Pioneering UK Conservation Project Steps Up



After being launched last year the programme is set to step up in its scope having secured £2million of funding from the EU’s Life+ Programme. This will be matched by another £2million from the RSPB’s members and will pay for seven new staff - a positive early step on the long road to delivering on the ambitions for this programme

Futurescapes is the RSPB’s contribution to the need for landscape scale conservation across the UK. It complements a growing range of other initiatives including work being done by the Wildlife Trusts through its Living Landscapes programme and the Government through its proposals for £7.5 million to be spent on 12 Nature Improvement Areas (NIAs).
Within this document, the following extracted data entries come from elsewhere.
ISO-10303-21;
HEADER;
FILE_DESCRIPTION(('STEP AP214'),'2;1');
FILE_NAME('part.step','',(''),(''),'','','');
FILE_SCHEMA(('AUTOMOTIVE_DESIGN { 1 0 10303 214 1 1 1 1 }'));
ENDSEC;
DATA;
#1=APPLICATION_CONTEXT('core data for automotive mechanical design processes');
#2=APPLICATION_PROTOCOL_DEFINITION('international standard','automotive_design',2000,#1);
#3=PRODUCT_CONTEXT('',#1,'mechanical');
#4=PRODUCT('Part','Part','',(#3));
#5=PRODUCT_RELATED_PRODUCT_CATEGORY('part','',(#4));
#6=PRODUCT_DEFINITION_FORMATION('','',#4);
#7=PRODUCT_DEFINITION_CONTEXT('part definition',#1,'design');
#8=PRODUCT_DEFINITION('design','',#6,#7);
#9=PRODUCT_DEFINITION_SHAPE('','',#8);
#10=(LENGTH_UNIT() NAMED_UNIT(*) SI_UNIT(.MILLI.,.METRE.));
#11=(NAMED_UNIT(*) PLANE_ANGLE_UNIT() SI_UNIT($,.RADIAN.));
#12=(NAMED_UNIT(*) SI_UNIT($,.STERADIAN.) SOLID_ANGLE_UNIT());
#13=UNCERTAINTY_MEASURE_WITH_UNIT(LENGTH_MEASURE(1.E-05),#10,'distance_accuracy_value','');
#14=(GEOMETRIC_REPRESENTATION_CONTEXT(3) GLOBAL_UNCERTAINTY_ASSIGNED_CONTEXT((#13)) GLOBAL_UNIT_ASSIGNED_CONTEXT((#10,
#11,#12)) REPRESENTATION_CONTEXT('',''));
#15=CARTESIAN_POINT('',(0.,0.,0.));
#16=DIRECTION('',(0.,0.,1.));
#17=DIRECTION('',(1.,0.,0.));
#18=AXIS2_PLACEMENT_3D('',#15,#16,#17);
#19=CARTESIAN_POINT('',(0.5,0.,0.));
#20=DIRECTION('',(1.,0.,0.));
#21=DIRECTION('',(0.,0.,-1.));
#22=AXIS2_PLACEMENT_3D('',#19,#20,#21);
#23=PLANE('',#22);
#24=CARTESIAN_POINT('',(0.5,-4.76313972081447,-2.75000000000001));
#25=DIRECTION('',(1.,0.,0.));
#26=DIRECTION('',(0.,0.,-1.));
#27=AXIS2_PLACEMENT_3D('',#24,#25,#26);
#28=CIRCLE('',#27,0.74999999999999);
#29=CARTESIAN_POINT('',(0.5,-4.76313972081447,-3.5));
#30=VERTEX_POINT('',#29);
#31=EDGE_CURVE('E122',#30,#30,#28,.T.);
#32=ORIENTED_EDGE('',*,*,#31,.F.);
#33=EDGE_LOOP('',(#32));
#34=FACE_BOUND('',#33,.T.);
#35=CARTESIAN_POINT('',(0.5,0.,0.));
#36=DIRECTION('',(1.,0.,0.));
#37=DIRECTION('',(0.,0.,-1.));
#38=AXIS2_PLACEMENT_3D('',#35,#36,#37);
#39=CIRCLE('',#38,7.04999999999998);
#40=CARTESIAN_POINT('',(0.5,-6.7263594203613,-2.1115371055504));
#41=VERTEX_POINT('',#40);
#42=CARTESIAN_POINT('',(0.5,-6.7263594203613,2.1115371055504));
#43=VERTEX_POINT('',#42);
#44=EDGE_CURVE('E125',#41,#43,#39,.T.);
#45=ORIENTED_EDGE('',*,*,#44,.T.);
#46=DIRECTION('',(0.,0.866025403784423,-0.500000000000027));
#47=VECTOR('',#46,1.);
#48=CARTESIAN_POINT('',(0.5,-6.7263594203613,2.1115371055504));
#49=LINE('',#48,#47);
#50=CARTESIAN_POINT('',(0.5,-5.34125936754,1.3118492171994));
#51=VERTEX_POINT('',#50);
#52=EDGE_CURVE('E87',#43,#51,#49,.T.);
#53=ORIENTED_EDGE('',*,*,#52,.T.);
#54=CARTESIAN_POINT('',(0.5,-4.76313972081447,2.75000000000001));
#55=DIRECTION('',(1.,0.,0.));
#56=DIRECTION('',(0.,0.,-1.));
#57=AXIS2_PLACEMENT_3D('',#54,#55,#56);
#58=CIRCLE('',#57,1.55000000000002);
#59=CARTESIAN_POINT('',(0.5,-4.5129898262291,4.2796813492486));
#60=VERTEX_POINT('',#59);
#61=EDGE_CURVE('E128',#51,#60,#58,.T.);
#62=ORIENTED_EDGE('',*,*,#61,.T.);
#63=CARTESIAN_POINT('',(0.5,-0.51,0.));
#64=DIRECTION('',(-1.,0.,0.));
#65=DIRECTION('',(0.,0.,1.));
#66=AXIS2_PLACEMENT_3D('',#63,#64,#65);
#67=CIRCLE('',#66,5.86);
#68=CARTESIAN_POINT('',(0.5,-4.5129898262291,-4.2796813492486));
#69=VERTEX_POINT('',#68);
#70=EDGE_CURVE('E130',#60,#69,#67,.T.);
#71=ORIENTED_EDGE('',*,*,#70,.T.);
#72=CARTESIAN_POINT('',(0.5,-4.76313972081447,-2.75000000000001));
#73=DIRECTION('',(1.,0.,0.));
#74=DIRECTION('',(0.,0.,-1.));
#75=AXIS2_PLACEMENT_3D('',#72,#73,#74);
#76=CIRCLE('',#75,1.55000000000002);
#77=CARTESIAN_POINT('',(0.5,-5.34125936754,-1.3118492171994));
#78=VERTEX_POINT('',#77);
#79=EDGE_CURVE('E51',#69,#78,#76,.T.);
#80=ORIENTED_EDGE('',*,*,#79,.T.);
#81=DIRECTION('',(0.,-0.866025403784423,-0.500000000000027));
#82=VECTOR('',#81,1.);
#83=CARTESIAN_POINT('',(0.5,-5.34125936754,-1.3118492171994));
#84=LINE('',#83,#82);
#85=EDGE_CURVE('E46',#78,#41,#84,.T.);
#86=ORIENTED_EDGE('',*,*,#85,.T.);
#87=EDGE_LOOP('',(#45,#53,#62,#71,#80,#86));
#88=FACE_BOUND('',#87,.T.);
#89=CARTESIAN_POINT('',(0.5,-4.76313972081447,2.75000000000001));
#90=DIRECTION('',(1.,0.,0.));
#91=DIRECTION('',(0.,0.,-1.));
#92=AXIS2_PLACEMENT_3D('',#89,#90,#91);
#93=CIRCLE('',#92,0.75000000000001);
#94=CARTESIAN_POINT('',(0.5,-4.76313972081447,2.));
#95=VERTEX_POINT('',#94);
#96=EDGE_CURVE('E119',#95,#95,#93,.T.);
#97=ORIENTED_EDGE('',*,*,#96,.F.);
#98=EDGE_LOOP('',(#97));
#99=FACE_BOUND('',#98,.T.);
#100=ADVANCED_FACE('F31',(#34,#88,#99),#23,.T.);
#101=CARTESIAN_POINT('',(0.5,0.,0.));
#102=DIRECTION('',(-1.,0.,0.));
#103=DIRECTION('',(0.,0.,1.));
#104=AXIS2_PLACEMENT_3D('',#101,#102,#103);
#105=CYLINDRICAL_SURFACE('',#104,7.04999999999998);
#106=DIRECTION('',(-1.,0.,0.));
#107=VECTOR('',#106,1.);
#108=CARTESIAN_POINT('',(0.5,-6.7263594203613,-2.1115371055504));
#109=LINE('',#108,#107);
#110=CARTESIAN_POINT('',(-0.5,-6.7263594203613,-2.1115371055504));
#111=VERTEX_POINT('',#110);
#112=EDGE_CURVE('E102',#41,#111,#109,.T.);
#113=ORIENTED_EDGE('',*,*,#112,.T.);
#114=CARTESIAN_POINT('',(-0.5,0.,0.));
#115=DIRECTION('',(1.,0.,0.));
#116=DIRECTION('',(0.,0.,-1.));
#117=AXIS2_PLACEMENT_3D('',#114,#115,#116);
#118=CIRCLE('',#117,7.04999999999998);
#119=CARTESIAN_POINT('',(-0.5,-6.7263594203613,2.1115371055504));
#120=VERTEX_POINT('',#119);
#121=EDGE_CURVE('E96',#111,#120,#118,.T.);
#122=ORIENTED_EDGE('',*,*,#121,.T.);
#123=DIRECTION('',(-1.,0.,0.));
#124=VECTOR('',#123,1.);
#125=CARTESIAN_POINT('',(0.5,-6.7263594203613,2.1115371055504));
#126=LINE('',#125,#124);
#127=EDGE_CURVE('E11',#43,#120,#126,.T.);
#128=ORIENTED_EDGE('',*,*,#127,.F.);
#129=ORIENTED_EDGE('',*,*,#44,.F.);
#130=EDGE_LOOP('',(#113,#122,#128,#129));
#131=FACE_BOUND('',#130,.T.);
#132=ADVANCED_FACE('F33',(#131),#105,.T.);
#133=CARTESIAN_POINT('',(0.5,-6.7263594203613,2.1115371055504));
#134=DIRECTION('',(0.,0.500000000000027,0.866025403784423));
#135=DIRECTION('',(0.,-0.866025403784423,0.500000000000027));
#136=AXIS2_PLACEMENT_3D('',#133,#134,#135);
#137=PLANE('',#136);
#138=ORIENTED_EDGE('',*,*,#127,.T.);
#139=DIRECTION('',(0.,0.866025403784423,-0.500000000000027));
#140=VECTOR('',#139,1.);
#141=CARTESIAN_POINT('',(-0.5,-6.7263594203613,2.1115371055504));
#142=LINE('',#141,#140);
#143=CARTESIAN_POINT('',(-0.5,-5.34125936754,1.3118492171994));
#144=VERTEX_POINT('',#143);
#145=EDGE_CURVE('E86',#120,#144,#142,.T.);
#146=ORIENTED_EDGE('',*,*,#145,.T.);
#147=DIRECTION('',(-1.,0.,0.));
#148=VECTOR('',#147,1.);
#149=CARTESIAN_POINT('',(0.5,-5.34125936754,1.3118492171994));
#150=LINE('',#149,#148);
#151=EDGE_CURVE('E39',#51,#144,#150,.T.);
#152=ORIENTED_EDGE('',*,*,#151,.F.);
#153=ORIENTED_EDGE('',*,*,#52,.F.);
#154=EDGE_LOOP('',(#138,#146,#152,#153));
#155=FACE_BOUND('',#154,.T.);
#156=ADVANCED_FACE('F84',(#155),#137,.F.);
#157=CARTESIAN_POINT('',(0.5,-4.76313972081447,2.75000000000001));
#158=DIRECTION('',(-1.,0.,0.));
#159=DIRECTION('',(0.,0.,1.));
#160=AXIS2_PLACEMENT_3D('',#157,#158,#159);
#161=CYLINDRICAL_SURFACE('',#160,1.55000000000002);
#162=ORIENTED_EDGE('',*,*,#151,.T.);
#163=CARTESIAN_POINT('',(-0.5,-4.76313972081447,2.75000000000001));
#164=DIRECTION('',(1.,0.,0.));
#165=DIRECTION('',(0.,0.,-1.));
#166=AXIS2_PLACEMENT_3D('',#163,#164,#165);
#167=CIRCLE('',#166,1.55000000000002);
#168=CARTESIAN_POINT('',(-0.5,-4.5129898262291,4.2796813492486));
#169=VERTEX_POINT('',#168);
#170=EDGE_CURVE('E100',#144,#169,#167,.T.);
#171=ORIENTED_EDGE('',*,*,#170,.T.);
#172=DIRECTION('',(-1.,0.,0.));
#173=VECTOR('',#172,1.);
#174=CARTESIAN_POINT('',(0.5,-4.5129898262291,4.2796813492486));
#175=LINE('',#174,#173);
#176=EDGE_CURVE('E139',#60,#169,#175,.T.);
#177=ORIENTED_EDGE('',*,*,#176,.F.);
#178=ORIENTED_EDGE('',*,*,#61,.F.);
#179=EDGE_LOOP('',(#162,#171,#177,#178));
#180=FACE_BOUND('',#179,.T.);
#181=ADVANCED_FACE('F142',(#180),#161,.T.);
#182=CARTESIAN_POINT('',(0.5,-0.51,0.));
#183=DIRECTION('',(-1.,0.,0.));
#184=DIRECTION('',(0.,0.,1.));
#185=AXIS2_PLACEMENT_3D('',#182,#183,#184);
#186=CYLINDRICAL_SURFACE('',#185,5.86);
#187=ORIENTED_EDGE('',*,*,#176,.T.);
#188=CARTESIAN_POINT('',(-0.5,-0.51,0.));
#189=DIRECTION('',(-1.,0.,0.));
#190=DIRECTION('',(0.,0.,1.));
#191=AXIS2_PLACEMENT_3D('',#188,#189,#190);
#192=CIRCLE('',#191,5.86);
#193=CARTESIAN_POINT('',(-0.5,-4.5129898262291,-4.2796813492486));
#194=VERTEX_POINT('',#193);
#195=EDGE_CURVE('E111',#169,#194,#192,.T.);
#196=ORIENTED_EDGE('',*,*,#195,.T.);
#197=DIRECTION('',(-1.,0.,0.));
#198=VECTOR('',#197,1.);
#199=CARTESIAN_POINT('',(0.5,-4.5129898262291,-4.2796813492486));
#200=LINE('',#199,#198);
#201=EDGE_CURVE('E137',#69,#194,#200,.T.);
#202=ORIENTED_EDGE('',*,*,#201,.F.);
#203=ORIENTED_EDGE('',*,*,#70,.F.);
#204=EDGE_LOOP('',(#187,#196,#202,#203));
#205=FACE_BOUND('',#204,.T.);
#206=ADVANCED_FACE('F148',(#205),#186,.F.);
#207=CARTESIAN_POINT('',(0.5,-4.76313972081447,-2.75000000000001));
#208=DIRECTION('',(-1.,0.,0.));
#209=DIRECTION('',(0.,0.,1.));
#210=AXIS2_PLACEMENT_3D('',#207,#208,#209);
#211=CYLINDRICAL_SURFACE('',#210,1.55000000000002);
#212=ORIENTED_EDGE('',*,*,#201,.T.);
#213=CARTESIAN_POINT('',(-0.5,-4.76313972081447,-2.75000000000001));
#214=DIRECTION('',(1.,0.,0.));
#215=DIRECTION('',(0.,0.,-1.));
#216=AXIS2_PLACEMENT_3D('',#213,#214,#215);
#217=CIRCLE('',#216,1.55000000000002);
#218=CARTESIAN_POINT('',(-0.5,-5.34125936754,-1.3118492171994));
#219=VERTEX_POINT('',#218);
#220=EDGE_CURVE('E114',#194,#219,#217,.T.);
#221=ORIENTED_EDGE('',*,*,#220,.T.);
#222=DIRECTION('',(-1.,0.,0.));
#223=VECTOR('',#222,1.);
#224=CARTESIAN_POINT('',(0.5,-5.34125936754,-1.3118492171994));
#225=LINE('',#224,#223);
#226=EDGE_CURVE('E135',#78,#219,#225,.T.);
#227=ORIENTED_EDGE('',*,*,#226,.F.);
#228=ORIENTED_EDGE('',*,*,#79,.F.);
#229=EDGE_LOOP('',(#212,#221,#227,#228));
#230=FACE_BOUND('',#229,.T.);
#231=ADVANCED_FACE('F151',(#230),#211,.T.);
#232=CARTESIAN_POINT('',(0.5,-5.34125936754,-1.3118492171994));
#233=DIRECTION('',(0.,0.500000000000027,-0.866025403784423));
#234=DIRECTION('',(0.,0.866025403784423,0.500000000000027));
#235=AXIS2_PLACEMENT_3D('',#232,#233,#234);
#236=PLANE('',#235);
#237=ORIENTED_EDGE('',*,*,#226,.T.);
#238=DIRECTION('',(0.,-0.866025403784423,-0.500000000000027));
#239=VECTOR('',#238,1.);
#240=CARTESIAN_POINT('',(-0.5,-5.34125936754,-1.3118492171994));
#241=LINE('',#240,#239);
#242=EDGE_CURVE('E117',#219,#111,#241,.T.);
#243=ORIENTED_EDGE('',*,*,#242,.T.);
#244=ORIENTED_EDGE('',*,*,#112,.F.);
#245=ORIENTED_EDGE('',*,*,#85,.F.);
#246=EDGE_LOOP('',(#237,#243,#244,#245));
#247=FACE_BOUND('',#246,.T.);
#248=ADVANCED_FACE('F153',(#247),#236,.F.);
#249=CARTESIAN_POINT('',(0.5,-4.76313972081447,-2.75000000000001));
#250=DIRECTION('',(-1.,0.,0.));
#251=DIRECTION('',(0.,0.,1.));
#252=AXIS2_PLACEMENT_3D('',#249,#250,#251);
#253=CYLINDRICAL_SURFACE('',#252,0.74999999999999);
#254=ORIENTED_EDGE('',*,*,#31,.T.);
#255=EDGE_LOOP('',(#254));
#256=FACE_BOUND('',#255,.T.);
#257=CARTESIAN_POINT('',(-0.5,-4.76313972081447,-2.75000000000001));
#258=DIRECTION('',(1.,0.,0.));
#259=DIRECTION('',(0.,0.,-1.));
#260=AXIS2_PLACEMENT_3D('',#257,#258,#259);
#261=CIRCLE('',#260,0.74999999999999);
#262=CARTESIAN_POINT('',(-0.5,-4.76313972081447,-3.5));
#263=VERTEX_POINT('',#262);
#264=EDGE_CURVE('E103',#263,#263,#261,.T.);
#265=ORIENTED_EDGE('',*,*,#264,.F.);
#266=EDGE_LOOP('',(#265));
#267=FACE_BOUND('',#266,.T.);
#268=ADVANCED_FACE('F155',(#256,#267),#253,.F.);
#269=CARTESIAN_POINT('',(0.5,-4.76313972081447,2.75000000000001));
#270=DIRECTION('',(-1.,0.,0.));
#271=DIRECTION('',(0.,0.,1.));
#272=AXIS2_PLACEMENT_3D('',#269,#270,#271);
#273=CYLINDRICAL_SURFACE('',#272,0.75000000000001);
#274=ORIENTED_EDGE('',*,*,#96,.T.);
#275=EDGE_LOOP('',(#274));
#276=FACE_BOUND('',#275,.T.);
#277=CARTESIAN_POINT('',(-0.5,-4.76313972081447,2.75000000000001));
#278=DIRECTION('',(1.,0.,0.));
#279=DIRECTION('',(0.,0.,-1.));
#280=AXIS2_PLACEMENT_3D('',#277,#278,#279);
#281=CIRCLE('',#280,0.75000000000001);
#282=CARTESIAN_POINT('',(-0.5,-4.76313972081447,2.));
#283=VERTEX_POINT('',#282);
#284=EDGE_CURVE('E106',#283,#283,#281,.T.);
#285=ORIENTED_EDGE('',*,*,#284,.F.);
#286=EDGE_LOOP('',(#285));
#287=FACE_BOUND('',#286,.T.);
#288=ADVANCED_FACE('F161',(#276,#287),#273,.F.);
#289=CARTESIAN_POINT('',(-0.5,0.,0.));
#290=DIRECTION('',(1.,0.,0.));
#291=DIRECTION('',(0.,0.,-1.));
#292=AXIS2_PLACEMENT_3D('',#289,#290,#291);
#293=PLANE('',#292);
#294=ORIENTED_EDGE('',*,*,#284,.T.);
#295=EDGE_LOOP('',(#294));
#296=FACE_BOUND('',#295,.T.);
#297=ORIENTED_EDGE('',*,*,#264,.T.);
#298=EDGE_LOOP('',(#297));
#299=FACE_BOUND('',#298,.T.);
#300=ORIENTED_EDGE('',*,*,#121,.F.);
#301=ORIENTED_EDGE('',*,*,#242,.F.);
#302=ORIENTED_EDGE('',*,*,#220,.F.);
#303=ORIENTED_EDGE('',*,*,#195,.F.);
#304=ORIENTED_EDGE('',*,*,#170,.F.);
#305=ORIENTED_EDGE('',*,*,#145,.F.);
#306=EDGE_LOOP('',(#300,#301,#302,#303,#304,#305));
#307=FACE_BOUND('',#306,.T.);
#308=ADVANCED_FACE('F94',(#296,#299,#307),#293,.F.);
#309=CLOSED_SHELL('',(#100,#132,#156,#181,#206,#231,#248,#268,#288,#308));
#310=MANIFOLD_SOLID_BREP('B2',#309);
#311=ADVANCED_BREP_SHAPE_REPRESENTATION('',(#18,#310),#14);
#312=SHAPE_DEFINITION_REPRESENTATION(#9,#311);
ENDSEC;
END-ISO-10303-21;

The seven new Futurescapes managers will be employed across the UK with one each in Northern Ireland and Wales, two in Scotland and three in England.

Aidan Lonergan, RSPB Futurescapes Manager, said: “Conservation is responding to serious challenges and it is really exciting to be there at the forefront of this new way of protecting nature in partnership with others. We can no longer rely on managing fragments of our countryside for wildlife – we need to ensure that the surrounding landscape is delivering as well.

“We’re looking for seven people who can sell this fantastic idea to farmers, councillors, landowners, water companies and everyone else who helps shape our towns and countryside.

“Unfortunately woodpeckers and watervoles don’t read maps, so assigning them a grid reference just isn’t going to work. As the pressure on our land increases it is clear that we need to create robust ecological networks that deliver for wildlife across some of our most beautiful landscapes.”

One of the new conservation managers will be tasked with overseeing the RSPB’s flagship Greater Thames Futurescape. The area covers more than 1,000 km² and includes estuary, mudflats and grazing marsh which provides a vital habitat for thousands of wildfowl and wading birds. More than 70 different organisations are already working in partnership on the project.

Other Futurescapes projects to get new dedicated staff area based around Lough Neagh in Northern Ireland, Loch Leven and Strathspey in Scotland, Gwent Levels in Wales and Morecombe Bay and the Trent Valley in England.